Task goal = Print only the lines from the top of the data through the line with "#28=CIRCLE('',#27,3.302);", both included, skipping every picture.

Supplied material =
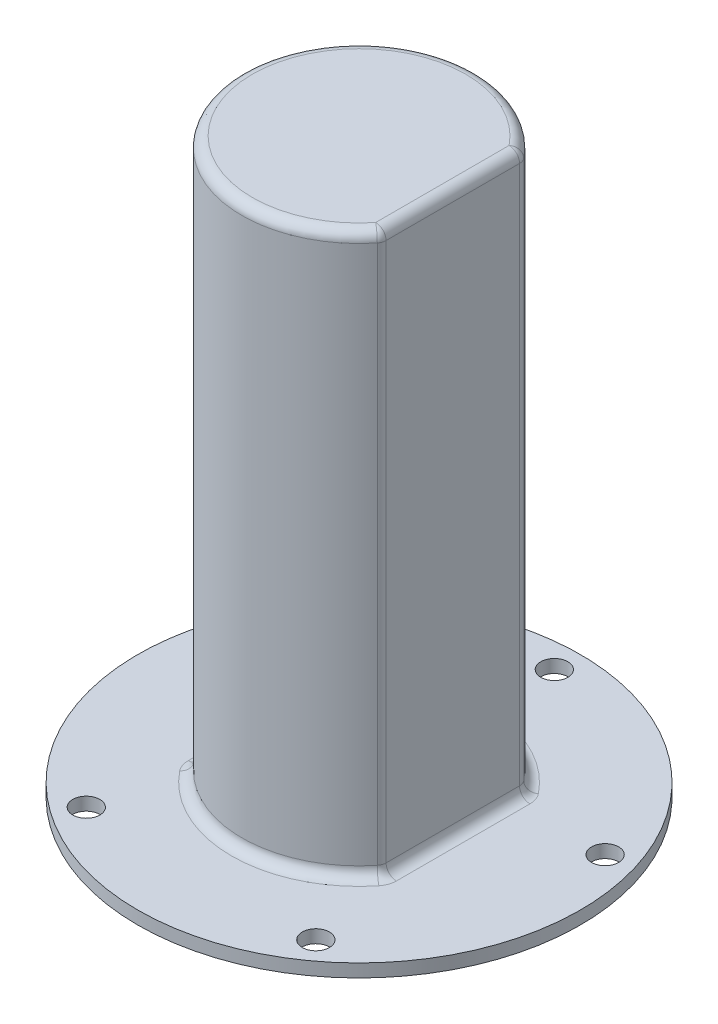
ISO-10303-21;
HEADER;
FILE_DESCRIPTION(('STEP AP214'),'2;1');
FILE_NAME('part.step','',(''),(''),'','','');
FILE_SCHEMA(('AUTOMOTIVE_DESIGN { 1 0 10303 214 1 1 1 1 }'));
ENDSEC;
DATA;
#1=APPLICATION_CONTEXT('core data for automotive mechanical design processes');
#2=APPLICATION_PROTOCOL_DEFINITION('international standard','automotive_design',2000,#1);
#3=PRODUCT_CONTEXT('',#1,'mechanical');
#4=PRODUCT('Part','Part','',(#3));
#5=PRODUCT_RELATED_PRODUCT_CATEGORY('part','',(#4));
#6=PRODUCT_DEFINITION_FORMATION('','',#4);
#7=PRODUCT_DEFINITION_CONTEXT('part definition',#1,'design');
#8=PRODUCT_DEFINITION('design','',#6,#7);
#9=PRODUCT_DEFINITION_SHAPE('','',#8);
#10=(LENGTH_UNIT() NAMED_UNIT(*) SI_UNIT(.MILLI.,.METRE.));
#11=(NAMED_UNIT(*) PLANE_ANGLE_UNIT() SI_UNIT($,.RADIAN.));
#12=(NAMED_UNIT(*) SI_UNIT($,.STERADIAN.) SOLID_ANGLE_UNIT());
#13=UNCERTAINTY_MEASURE_WITH_UNIT(LENGTH_MEASURE(1.E-05),#10,'distance_accuracy_value','');
#14=(GEOMETRIC_REPRESENTATION_CONTEXT(3) GLOBAL_UNCERTAINTY_ASSIGNED_CONTEXT((#13)) GLOBAL_UNIT_ASSIGNED_CONTEXT((#10,
#11,#12)) REPRESENTATION_CONTEXT('',''));
#15=CARTESIAN_POINT('',(0.,0.,0.));
#16=DIRECTION('',(0.,0.,1.));
#17=DIRECTION('',(1.,0.,0.));
#18=AXIS2_PLACEMENT_3D('',#15,#16,#17);
#19=CARTESIAN_POINT('',(0.,3.175,0.));
#20=DIRECTION('',(0.,1.,0.));
#21=DIRECTION('',(0.,0.,1.));
#22=AXIS2_PLACEMENT_3D('',#19,#20,#21);
#23=PLANE('',#22);
#24=CARTESIAN_POINT('',(45.2940665885567,3.175,-14.7169343571067));
#25=DIRECTION('',(0.,1.,0.));
#26=DIRECTION('',(0.,0.,1.));
#27=AXIS2_PLACEMENT_3D('',#24,#25,#26);
#28=CIRCLE('',#27,3.302);
#29=CARTESIAN_POINT('',(45.2940665885567,3.175,-11.4149343571067));
#30=VERTEX_POINT('',#29);
#31=EDGE_CURVE('E163',#30,#30,#28,.T.);
#32=ORIENTED_EDGE('',*,*,#31,.F.);
#33=EDGE_LOOP('',(#32));
#34=FACE_BOUND('',#33,.T.);
#35=CARTESIAN_POINT('',(0.,3.175,0.));
#36=DIRECTION('',(0.,1.,0.));
#37=DIRECTION('',(0.,0.,1.));
#38=AXIS2_PLACEMENT_3D('',#35,#36,#37);
#39=CIRCLE('',#38,53.975);
#40=CARTESIAN_POINT('',(0.,3.175,53.975));
#41=VERTEX_POINT('',#40);
#42=EDGE_CURVE('E175',#41,#41,#39,.T.);
#43=ORIENTED_EDGE('',*,*,#42,.T.);
#44=EDGE_LOOP('',(#43));
#45=FACE_BOUND('',#44,.T.);
#46=CARTESIAN_POINT('',(27.9932726404288,3.175,38.529434357107));
#47=DIRECTION('',(0.,1.,0.));
#48=DIRECTION('',(0.,0.,1.));
#49=AXIS2_PLACEMENT_3D('',#46,#47,#48);
#50=CIRCLE('',#49,3.302);
#51=CARTESIAN_POINT('',(27.9932726404288,3.175,41.831434357107));
#52=VERTEX_POINT('',#51);
#53=EDGE_CURVE('E157',#52,#52,#50,.T.);
#54=ORIENTED_EDGE('',*,*,#53,.F.);
#55=EDGE_LOOP('',(#54));
#56=FACE_BOUND('',#55,.T.);
#57=CARTESIAN_POINT('',(0.,3.175,-47.625));
#58=DIRECTION('',(0.,1.,0.));
#59=DIRECTION('',(0.,0.,1.));
#60=AXIS2_PLACEMENT_3D('',#57,#58,#59);
#61=CIRCLE('',#60,3.302);
#62=CARTESIAN_POINT('',(0.,3.175,-44.323));
#63=VERTEX_POINT('',#62);
#64=EDGE_CURVE('E169',#63,#63,#61,.T.);
#65=ORIENTED_EDGE('',*,*,#64,.F.);
#66=EDGE_LOOP('',(#65));
#67=FACE_BOUND('',#66,.T.);
#68=CARTESIAN_POINT('',(-27.9932726404294,3.175,38.5294343571066));
#69=DIRECTION('',(0.,1.,0.));
#70=DIRECTION('',(0.,0.,1.));
#71=AXIS2_PLACEMENT_3D('',#68,#69,#70);
#72=CIRCLE('',#71,3.302);
#73=CARTESIAN_POINT('',(-27.9932726404294,3.175,41.8314343571066));
#74=VERTEX_POINT('',#73);
#75=EDGE_CURVE('E147',#74,#74,#72,.T.);
#76=ORIENTED_EDGE('',*,*,#75,.F.);
#77=EDGE_LOOP('',(#76));
#78=FACE_BOUND('',#77,.T.);
#79=CARTESIAN_POINT('',(-45.2940665885565,3.175,-14.7169343571074));
#80=DIRECTION('',(0.,1.,0.));
#81=DIRECTION('',(0.,0.,1.));
#82=AXIS2_PLACEMENT_3D('',#79,#80,#81);
#83=CIRCLE('',#82,3.302);
#84=CARTESIAN_POINT('',(-47.5318559517014,3.175,-17.145));
#85=VERTEX_POINT('',#84);
#86=EDGE_CURVE('E140',#85,#85,#83,.T.);
#87=ORIENTED_EDGE('',*,*,#86,.F.);
#88=EDGE_LOOP('',(#87));
#89=FACE_BOUND('',#88,.T.);
#90=CARTESIAN_POINT('',(20.32,3.175,-16.2763271348299));
#91=DIRECTION('',(0.,1.,0.));
#92=DIRECTION('',(0.,0.,1.));
#93=AXIS2_PLACEMENT_3D('',#90,#91,#92);
#94=CIRCLE('',#93,5.08);
#95=CARTESIAN_POINT('',(25.4,3.175,-16.2763271348299));
#96=VERTEX_POINT('',#95);
#97=CARTESIAN_POINT('',(24.2848780487805,3.175,-19.452195844065));
#98=VERTEX_POINT('',#97);
#99=EDGE_CURVE('E215',#96,#98,#94,.T.);
#100=ORIENTED_EDGE('',*,*,#99,.F.);
#101=DIRECTION('',(0.,0.,-1.));
#102=VECTOR('',#101,1.);
#103=CARTESIAN_POINT('',(25.4,3.175,0.));
#104=LINE('',#103,#102);
#105=CARTESIAN_POINT('',(25.4,3.175,16.2763271348299));
#106=VERTEX_POINT('',#105);
#107=EDGE_CURVE('E213',#96,#106,#104,.F.);
#108=ORIENTED_EDGE('',*,*,#107,.T.);
#109=CARTESIAN_POINT('',(20.32,3.175,16.2763271348299));
#110=DIRECTION('',(0.,1.,0.));
#111=DIRECTION('',(0.,0.,1.));
#112=AXIS2_PLACEMENT_3D('',#109,#110,#111);
#113=CIRCLE('',#112,5.08);
#114=CARTESIAN_POINT('',(24.2848780487805,3.175,19.452195844065));
#115=VERTEX_POINT('',#114);
#116=EDGE_CURVE('E210',#115,#106,#113,.T.);
#117=ORIENTED_EDGE('',*,*,#116,.F.);
#118=CARTESIAN_POINT('',(0.,3.175,0.));
#119=DIRECTION('',(0.,1.,0.));
#120=DIRECTION('',(0.,0.,1.));
#121=AXIS2_PLACEMENT_3D('',#118,#119,#120);
#122=CIRCLE('',#121,31.115);
#123=CARTESIAN_POINT('',(-24.2848780487805,3.175,19.452195844065));
#124=VERTEX_POINT('',#123);
#125=EDGE_CURVE('E207',#115,#124,#122,.F.);
#126=ORIENTED_EDGE('',*,*,#125,.T.);
#127=CARTESIAN_POINT('',(-20.32,3.175,16.2763271348299));
#128=DIRECTION('',(0.,1.,0.));
#129=DIRECTION('',(0.,0.,1.));
#130=AXIS2_PLACEMENT_3D('',#127,#128,#129);
#131=CIRCLE('',#130,5.08);
#132=CARTESIAN_POINT('',(-25.4,3.175,16.2763271348299));
#133=VERTEX_POINT('',#132);
#134=EDGE_CURVE('E204',#133,#124,#131,.T.);
#135=ORIENTED_EDGE('',*,*,#134,.F.);
#136=DIRECTION('',(0.,0.,-1.));
#137=VECTOR('',#136,1.);
#138=CARTESIAN_POINT('',(-25.4,3.175,-17.145));
#139=LINE('',#138,#137);
#140=CARTESIAN_POINT('',(-25.4,3.175,-16.2763271348299));
#141=VERTEX_POINT('',#140);
#142=EDGE_CURVE('E200',#133,#141,#139,.T.);
#143=ORIENTED_EDGE('',*,*,#142,.T.);
#144=CARTESIAN_POINT('',(-20.32,3.175,-16.2763271348299));
#145=DIRECTION('',(0.,1.,0.));
#146=DIRECTION('',(0.,0.,1.));
#147=AXIS2_PLACEMENT_3D('',#144,#145,#146);
#148=CIRCLE('',#147,5.08);
#149=CARTESIAN_POINT('',(-24.2848780487805,3.175,-19.452195844065));
#150=VERTEX_POINT('',#149);
#151=EDGE_CURVE('E197',#150,#141,#148,.T.);
#152=ORIENTED_EDGE('',*,*,#151,.F.);
#153=CARTESIAN_POINT('',(0.,3.175,0.));
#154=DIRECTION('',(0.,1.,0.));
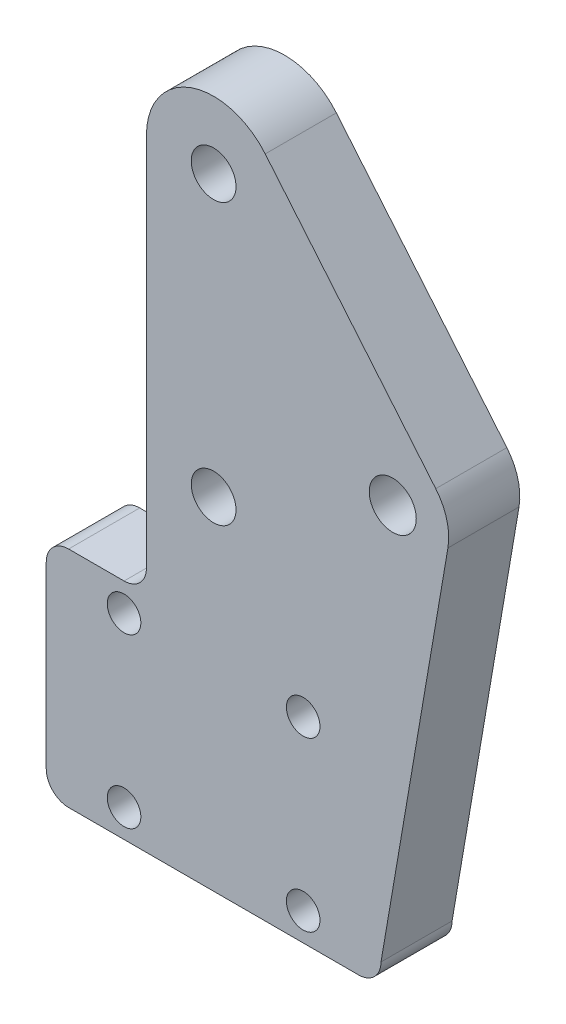
ISO-10303-21;
HEADER;
FILE_DESCRIPTION(('STEP AP214'),'2;1');
FILE_NAME('part.step','',(''),(''),'','','');
FILE_SCHEMA(('AUTOMOTIVE_DESIGN { 1 0 10303 214 1 1 1 1 }'));
ENDSEC;
DATA;
#1=APPLICATION_CONTEXT('core data for automotive mechanical design processes');
#2=APPLICATION_PROTOCOL_DEFINITION('international standard','automotive_design',2000,#1);
#3=PRODUCT_CONTEXT('',#1,'mechanical');
#4=PRODUCT('Part','Part','',(#3));
#5=PRODUCT_RELATED_PRODUCT_CATEGORY('part','',(#4));
#6=PRODUCT_DEFINITION_FORMATION('','',#4);
#7=PRODUCT_DEFINITION_CONTEXT('part definition',#1,'design');
#8=PRODUCT_DEFINITION('design','',#6,#7);
#9=PRODUCT_DEFINITION_SHAPE('','',#8);
#10=(LENGTH_UNIT() NAMED_UNIT(*) SI_UNIT(.MILLI.,.METRE.));
#11=(NAMED_UNIT(*) PLANE_ANGLE_UNIT() SI_UNIT($,.RADIAN.));
#12=(NAMED_UNIT(*) SI_UNIT($,.STERADIAN.) SOLID_ANGLE_UNIT());
#13=UNCERTAINTY_MEASURE_WITH_UNIT(LENGTH_MEASURE(1.E-05),#10,'distance_accuracy_value','');
#14=(GEOMETRIC_REPRESENTATION_CONTEXT(3) GLOBAL_UNCERTAINTY_ASSIGNED_CONTEXT((#13)) GLOBAL_UNIT_ASSIGNED_CONTEXT((#10,
#11,#12)) REPRESENTATION_CONTEXT('',''));
#15=CARTESIAN_POINT('',(0.,0.,0.));
#16=DIRECTION('',(0.,0.,1.));
#17=DIRECTION('',(1.,0.,0.));
#18=AXIS2_PLACEMENT_3D('',#15,#16,#17);
#19=CARTESIAN_POINT('',(19.9500000000002,45.4999959998346,6.35));
#20=DIRECTION('',(0.,0.,1.));
#21=DIRECTION('',(1.,0.,0.));
#22=AXIS2_PLACEMENT_3D('',#19,#20,#21);
#23=PLANE('',#22);
#24=DIRECTION('',(-0.640142111431928,0.768256517819063,0.));
#25=VECTOR('',#24,1.);
#26=CARTESIAN_POINT('',(24.5595391069245,49.3408486684344,6.35));
#27=LINE('',#26,#25);
#28=CARTESIAN_POINT('',(39.7912825890956,31.0607105569921,6.35));
#29=VERTEX_POINT('',#28);
#30=CARTESIAN_POINT('',(24.5595391069245,49.3408486684344,6.35));
#31=VERTEX_POINT('',#30);
#32=EDGE_CURVE('E131',#29,#31,#27,.T.);
#33=ORIENTED_EDGE('',*,*,#32,.T.);
#34=CARTESIAN_POINT('',(19.9500000000002,45.4999959998346,6.35));
#35=DIRECTION('',(0.,0.,1.));
#36=DIRECTION('',(1.,0.,0.));
#37=AXIS2_PLACEMENT_3D('',#34,#35,#36);
#38=CIRCLE('',#37,6.00000000001292);
#39=CARTESIAN_POINT('',(13.9499999999898,45.4999959998347,6.35));
#40=VERTEX_POINT('',#39);
#41=EDGE_CURVE('E48',#31,#40,#38,.T.);
#42=ORIENTED_EDGE('',*,*,#41,.T.);
#43=DIRECTION('',(0.,-1.,0.));
#44=VECTOR('',#43,1.);
#45=CARTESIAN_POINT('',(13.9499999999898,45.4999959998347,6.35));
#46=LINE('',#45,#44);
#47=CARTESIAN_POINT('',(13.949999999989,11.9999959998324,6.35));
#48=VERTEX_POINT('',#47);
#49=EDGE_CURVE('E203',#40,#48,#46,.T.);
#50=ORIENTED_EDGE('',*,*,#49,.T.);
#51=CARTESIAN_POINT('',(11.949999999989,11.9999959998325,6.35));
#52=DIRECTION('',(0.,0.,1.));
#53=DIRECTION('',(1.,0.,0.));
#54=AXIS2_PLACEMENT_3D('',#51,#52,#53);
#55=CIRCLE('',#54,2.);
#56=CARTESIAN_POINT('',(11.949999999989,9.99999599983247,6.35));
#57=VERTEX_POINT('',#56);
#58=EDGE_CURVE('E11',#48,#57,#55,.F.);
#59=ORIENTED_EDGE('',*,*,#58,.T.);
#60=DIRECTION('',(-1.,0.,0.));
#61=VECTOR('',#60,1.);
#62=CARTESIAN_POINT('',(5.00000000000025,9.99999599983247,6.35));
#63=LINE('',#62,#61);
#64=CARTESIAN_POINT('',(7.00000000000025,9.99999599983247,6.35));
#65=VERTEX_POINT('',#64);
#66=EDGE_CURVE('E206',#57,#65,#63,.T.);
#67=ORIENTED_EDGE('',*,*,#66,.T.);
#68=CARTESIAN_POINT('',(7.00000000000025,7.99999599983246,6.35));
#69=DIRECTION('',(0.,0.,1.));
#70=DIRECTION('',(1.,0.,0.));
#71=AXIS2_PLACEMENT_3D('',#68,#69,#70);
#72=CIRCLE('',#71,2.);
#73=CARTESIAN_POINT('',(5.00000000000025,7.99999599983246,6.35));
#74=VERTEX_POINT('',#73);
#75=EDGE_CURVE('E232',#65,#74,#72,.T.);
#76=ORIENTED_EDGE('',*,*,#75,.T.);
#77=DIRECTION('',(0.,-1.,0.));
#78=VECTOR('',#77,1.);
#79=CARTESIAN_POINT('',(5.00000000000025,-10.0000000001675,6.35));
#80=LINE('',#79,#78);
#81=CARTESIAN_POINT('',(5.00000000000025,-8.00000000016753,6.35));
#82=VERTEX_POINT('',#81);
#83=EDGE_CURVE('E196',#74,#82,#80,.T.);
#84=ORIENTED_EDGE('',*,*,#83,.T.);
#85=CARTESIAN_POINT('',(7.00000000000025,-8.00000000016753,6.35));
#86=DIRECTION('',(0.,0.,1.));
#87=DIRECTION('',(1.,0.,0.));
#88=AXIS2_PLACEMENT_3D('',#85,#86,#87);
#89=CIRCLE('',#88,2.);
#90=CARTESIAN_POINT('',(7.00000000000025,-10.0000000001675,6.35));
#91=VERTEX_POINT('',#90);
#92=EDGE_CURVE('E234',#82,#91,#89,.T.);
#93=ORIENTED_EDGE('',*,*,#92,.T.);
#94=DIRECTION('',(1.,0.,0.));
#95=VECTOR('',#94,1.);
#96=CARTESIAN_POINT('',(34.9000000000003,-10.0000000001675,6.35));
#97=LINE('',#96,#95);
#98=CARTESIAN_POINT('',(32.9000000000003,-10.0000000001675,6.35));
#99=VERTEX_POINT('',#98);
#100=EDGE_CURVE('E199',#91,#99,#97,.T.);
#101=ORIENTED_EDGE('',*,*,#100,.T.);
#102=CARTESIAN_POINT('',(32.9000000000003,-8.00000000016753,6.35));
#103=DIRECTION('',(0.,0.,1.));
#104=DIRECTION('',(1.,0.,0.));
#105=AXIS2_PLACEMENT_3D('',#102,#103,#104);
#106=CIRCLE('',#105,2.);
#107=CARTESIAN_POINT('',(34.9000000000003,-8.00000000016753,6.35));
#108=VERTEX_POINT('',#107);
#109=EDGE_CURVE('E144',#99,#108,#106,.T.);
#110=ORIENTED_EDGE('',*,*,#109,.T.);
#111=DIRECTION('',(0.168294023538244,0.985736841982336,0.));
#112=VECTOR('',#111,1.);
#113=CARTESIAN_POINT('',(34.9000000000003,-8.00000000016753,6.35));
#114=LINE('',#113,#112);
#115=CARTESIAN_POINT('',(40.8786842099119,27.0185298821413,6.35));
#116=VERTEX_POINT('',#115);
#117=EDGE_CURVE('E125',#108,#116,#114,.T.);
#118=ORIENTED_EDGE('',*,*,#117,.T.);
#119=CARTESIAN_POINT('',(35.9500000000002,27.8599999998325,6.35));
#120=DIRECTION('',(0.,0.,1.));
#121=DIRECTION('',(1.,0.,0.));
#122=AXIS2_PLACEMENT_3D('',#119,#120,#121);
#123=CIRCLE('',#122,5.);
#124=EDGE_CURVE('E134',#116,#29,#123,.T.);
#125=ORIENTED_EDGE('',*,*,#124,.T.);
#126=EDGE_LOOP('',(#33,#42,#50,#59,#67,#76,#84,#93,#101,#110,#118,#125));
#127=FACE_BOUND('',#126,.T.);
#128=CARTESIAN_POINT('',(19.9500000000002,45.4999959998346,6.35));
#129=DIRECTION('',(0.,0.,1.));
#130=DIRECTION('',(1.,0.,0.));
#131=AXIS2_PLACEMENT_3D('',#128,#129,#130);
#132=CIRCLE('',#131,1.99999999999992);
#133=CARTESIAN_POINT('',(21.9500000000002,45.4999959998346,6.35));
#134=VERTEX_POINT('',#133);
#135=EDGE_CURVE('E166',#134,#134,#132,.T.);
#136=ORIENTED_EDGE('',*,*,#135,.F.);
#137=EDGE_LOOP('',(#136));
#138=FACE_BOUND('',#137,.T.);
#139=CARTESIAN_POINT('',(27.9500000000002,7.49999999983247,6.35));
#140=DIRECTION('',(0.,0.,1.));
#141=DIRECTION('',(1.,0.,0.));
#142=AXIS2_PLACEMENT_3D('',#139,#140,#141);
#143=CIRCLE('',#142,1.50000000004549);
#144=CARTESIAN_POINT('',(29.4500000000457,7.49999999983247,6.35));
#145=VERTEX_POINT('',#144);
#146=EDGE_CURVE('E178',#145,#145,#143,.T.);
#147=ORIENTED_EDGE('',*,*,#146,.F.);
#148=EDGE_LOOP('',(#147));
#149=FACE_BOUND('',#148,.T.);
#150=CARTESIAN_POINT('',(27.9500000000002,-7.50000000016753,6.35));
#151=DIRECTION('',(0.,0.,1.));
#152=DIRECTION('',(1.,0.,0.));
#153=AXIS2_PLACEMENT_3D('',#150,#151,#152);
#154=CIRCLE('',#153,1.50000000004549);
#155=CARTESIAN_POINT('',(29.4500000000457,-7.50000000016753,6.35));
#156=VERTEX_POINT('',#155);
#157=EDGE_CURVE('E190',#156,#156,#154,.T.);
#158=ORIENTED_EDGE('',*,*,#157,.F.);
#159=EDGE_LOOP('',(#158));
#160=FACE_BOUND('',#159,.T.);
#161=CARTESIAN_POINT('',(11.9500000000002,-7.50000000016753,6.35));
#162=DIRECTION('',(0.,0.,1.));
#163=DIRECTION('',(1.,0.,0.));
#164=AXIS2_PLACEMENT_3D('',#161,#162,#163);
#165=CIRCLE('',#164,1.5000000000082);
#166=CARTESIAN_POINT('',(13.4500000000084,-7.50000000016753,6.35));
#167=VERTEX_POINT('',#166);
#168=EDGE_CURVE('E184',#167,#167,#165,.T.);
#169=ORIENTED_EDGE('',*,*,#168,.F.);
#170=EDGE_LOOP('',(#169));
#171=FACE_BOUND('',#170,.T.);
#172=CARTESIAN_POINT('',(11.9500000000002,7.49999999983247,6.35));
#173=DIRECTION('',(0.,0.,1.));
#174=DIRECTION('',(1.,0.,0.));
#175=AXIS2_PLACEMENT_3D('',#172,#173,#174);
#176=CIRCLE('',#175,1.5000000000082);
#177=CARTESIAN_POINT('',(13.4500000000084,7.49999999983247,6.35));
#178=VERTEX_POINT('',#177);
#179=EDGE_CURVE('E172',#178,#178,#176,.T.);
#180=ORIENTED_EDGE('',*,*,#179,.F.);
#181=EDGE_LOOP('',(#180));
#182=FACE_BOUND('',#181,.T.);
#183=CARTESIAN_POINT('',(19.9500000000002,20.4999959998346,6.35));
#184=DIRECTION('',(0.,0.,1.));
#185=DIRECTION('',(1.,0.,0.));
#186=AXIS2_PLACEMENT_3D('',#183,#184,#185);
#187=CIRCLE('',#186,1.99999999999992);
#188=CARTESIAN_POINT('',(21.9500000000001,20.4999959998346,6.35));
#189=VERTEX_POINT('',#188);
#190=EDGE_CURVE('E160',#189,#189,#187,.T.);
#191=ORIENTED_EDGE('',*,*,#190,.F.);
#192=EDGE_LOOP('',(#191));
#193=FACE_BOUND('',#192,.T.);
#194=CARTESIAN_POINT('',(35.9500000000002,27.8599999998325,6.35));
#195=DIRECTION('',(0.,0.,1.));
#196=DIRECTION('',(1.,0.,0.));
#197=AXIS2_PLACEMENT_3D('',#194,#195,#196);
#198=CIRCLE('',#197,2.1);
#199=CARTESIAN_POINT('',(38.0500000000002,27.8599999998325,6.35));
#200=VERTEX_POINT('',#199);
#201=EDGE_CURVE('E146',#200,#200,#198,.T.);
#202=ORIENTED_EDGE('',*,*,#201,.F.);
#203=EDGE_LOOP('',(#202));
#204=FACE_BOUND('',#203,.T.);
#205=ADVANCED_FACE('F33',(#127,#138,#149,#160,#171,#182,#193,#204),#23,.T.);
#206=CARTESIAN_POINT('',(19.9500000000002,45.4999959998346,0.));
#207=DIRECTION('',(0.,0.,1.));
#208=DIRECTION('',(1.,0.,0.));
#209=AXIS2_PLACEMENT_3D('',#206,#207,#208);
#210=PLANE('',#209);
#211=CARTESIAN_POINT('',(19.9500000000002,45.4999959998346,0.));
#212=DIRECTION('',(0.,0.,1.));
#213=DIRECTION('',(1.,0.,0.));
#214=AXIS2_PLACEMENT_3D('',#211,#212,#213);
#215=CIRCLE('',#214,6.00000000001292);
#216=CARTESIAN_POINT('',(24.5595391069245,49.3408486684344,0.));
#217=VERTEX_POINT('',#216);
#218=CARTESIAN_POINT('',(13.9499999999898,45.4999959998347,0.));
#219=VERTEX_POINT('',#218);
#220=EDGE_CURVE('E215',#217,#219,#215,.T.);
#221=ORIENTED_EDGE('',*,*,#220,.F.);
#222=DIRECTION('',(0.640142111431928,-0.768256517819063,0.));
#223=VECTOR('',#222,1.);
#224=CARTESIAN_POINT('',(24.5595391069245,49.3408486684344,0.));
#225=LINE('',#224,#223);
#226=CARTESIAN_POINT('',(39.7912825890956,31.0607105569921,0.));
#227=VERTEX_POINT('',#226);
#228=EDGE_CURVE('E159',#217,#227,#225,.T.);
#229=ORIENTED_EDGE('',*,*,#228,.T.);
#230=CARTESIAN_POINT('',(35.9500000000002,27.8599999998325,0.));
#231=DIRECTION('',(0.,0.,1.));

Answer box =
ISO-10303-21;
HEADER;
FILE_DESCRIPTION(('STEP AP214'),'2;1');
FILE_NAME('part.step','',(''),(''),'','','');
FILE_SCHEMA(('AUTOMOTIVE_DESIGN { 1 0 10303 214 1 1 1 1 }'));
ENDSEC;
DATA;
#1=APPLICATION_CONTEXT('core data for automotive mechanical design processes');
#2=APPLICATION_PROTOCOL_DEFINITION('international standard','automotive_design',2000,#1);
#3=PRODUCT_CONTEXT('',#1,'mechanical');
#4=PRODUCT('Part','Part','',(#3));
#5=PRODUCT_RELATED_PRODUCT_CATEGORY('part','',(#4));
#6=PRODUCT_DEFINITION_FORMATION('','',#4);
#7=PRODUCT_DEFINITION_CONTEXT('part definition',#1,'design');
#8=PRODUCT_DEFINITION('design','',#6,#7);
#9=PRODUCT_DEFINITION_SHAPE('','',#8);
#10=(LENGTH_UNIT() NAMED_UNIT(*) SI_UNIT(.MILLI.,.METRE.));
#11=(NAMED_UNIT(*) PLANE_ANGLE_UNIT() SI_UNIT($,.RADIAN.));
#12=(NAMED_UNIT(*) SI_UNIT($,.STERADIAN.) SOLID_ANGLE_UNIT());
#13=UNCERTAINTY_MEASURE_WITH_UNIT(LENGTH_MEASURE(1.E-05),#10,'distance_accuracy_value','');
#14=(GEOMETRIC_REPRESENTATION_CONTEXT(3) GLOBAL_UNCERTAINTY_ASSIGNED_CONTEXT((#13)) GLOBAL_UNIT_ASSIGNED_CONTEXT((#10,
#11,#12)) REPRESENTATION_CONTEXT('',''));
#15=CARTESIAN_POINT('',(0.,0.,0.));
#16=DIRECTION('',(0.,0.,1.));
#17=DIRECTION('',(1.,0.,0.));
#18=AXIS2_PLACEMENT_3D('',#15,#16,#17);
#19=CARTESIAN_POINT('',(0.,3.175,0.));
#20=DIRECTION('',(0.,1.,0.));
#21=DIRECTION('',(0.,0.,1.));
#22=AXIS2_PLACEMENT_3D('',#19,#20,#21);
#23=PLANE('',#22);
#24=CARTESIAN_POINT('',(45.2940665885567,3.175,-14.7169343571067));
#25=DIRECTION('',(0.,1.,0.));
#26=DIRECTION('',(0.,0.,1.));
#27=AXIS2_PLACEMENT_3D('',#24,#25,#26);
#28=CIRCLE('',#27,3.302);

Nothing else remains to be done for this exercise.